The exhibition closes with the figure of the mermaid, a mythological creature that embodies several of the characteristics of the historical role played by women: the role of the other, the mysterious, the saboteur, the supernatural. Paulo Rego's Little Mermaid and Mermaid dialogue with Varejão's Imperfect Pearl, and we see figures that are both desolate and displaced, occupying the place once destined for sirens. And crowning this portrait are the Flying Mermaids, mermaids with dry, geriatric bodies who enjoy the absolute freedom of serving only themselves.
By bringing Rego and Varejão together, the exhibition restores to flesh the power to be language, to pain the status of memory, and to intimacy the right to a voice – from the guts to the mermaids.

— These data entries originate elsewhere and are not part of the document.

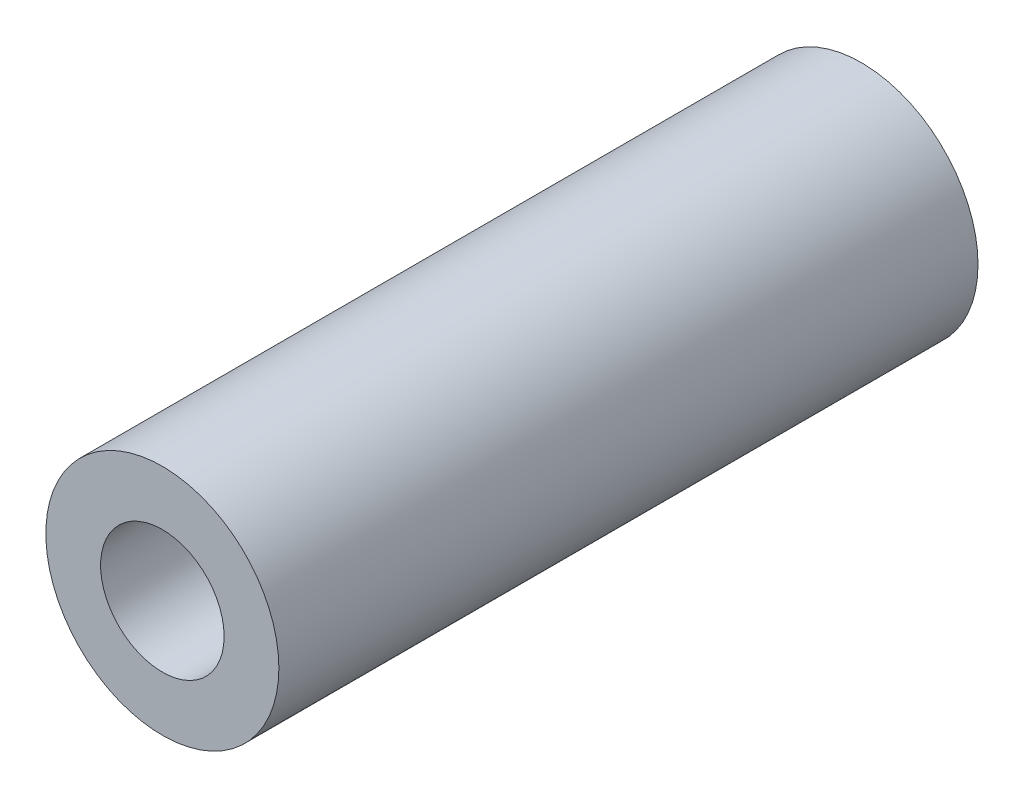
SolidWorks part; units mm, degrees
ref_plane "Front Plane" through (0, 0, 0) normal (0, 0, 1) x (1, 0, 0)
ref_plane "Top Plane" through (0, 0, 0) normal (0, 1, 0) x (1, 0, 0)
ref_plane "Right Plane" through (0, 0, 0) normal (1, 0, 0) x (0, 0, -1)
sketch "Sketch1" plane through (0, 0, 0) normal (0, 0, 1) x (1, 0, 0)
  circle A0 centre (0, 0) radius 5
  circle A1 centre (0, 0) radius 2.65
  dimension "OD" = 10
  dimension "ID" = 5.3
extrude "Extrude1" add sketch "Sketch1" along normal mid plane 30

The exhibition can be visited at the Gulbenkian's CAM until 22 September.
BIOGRAPHY
Barbara Mastrobuono is a Brazilian editor and critic who lives between Lisbon, Berlin and São Paulo. She has served as editor-in-chief at major institutions such as the Pinacoteca do Estado de São Paulo and SP–Arte, and is currently director of the independent space Espaço.CC. She collaborates with the Berlin-based studio Yukiko and works as an independent editor.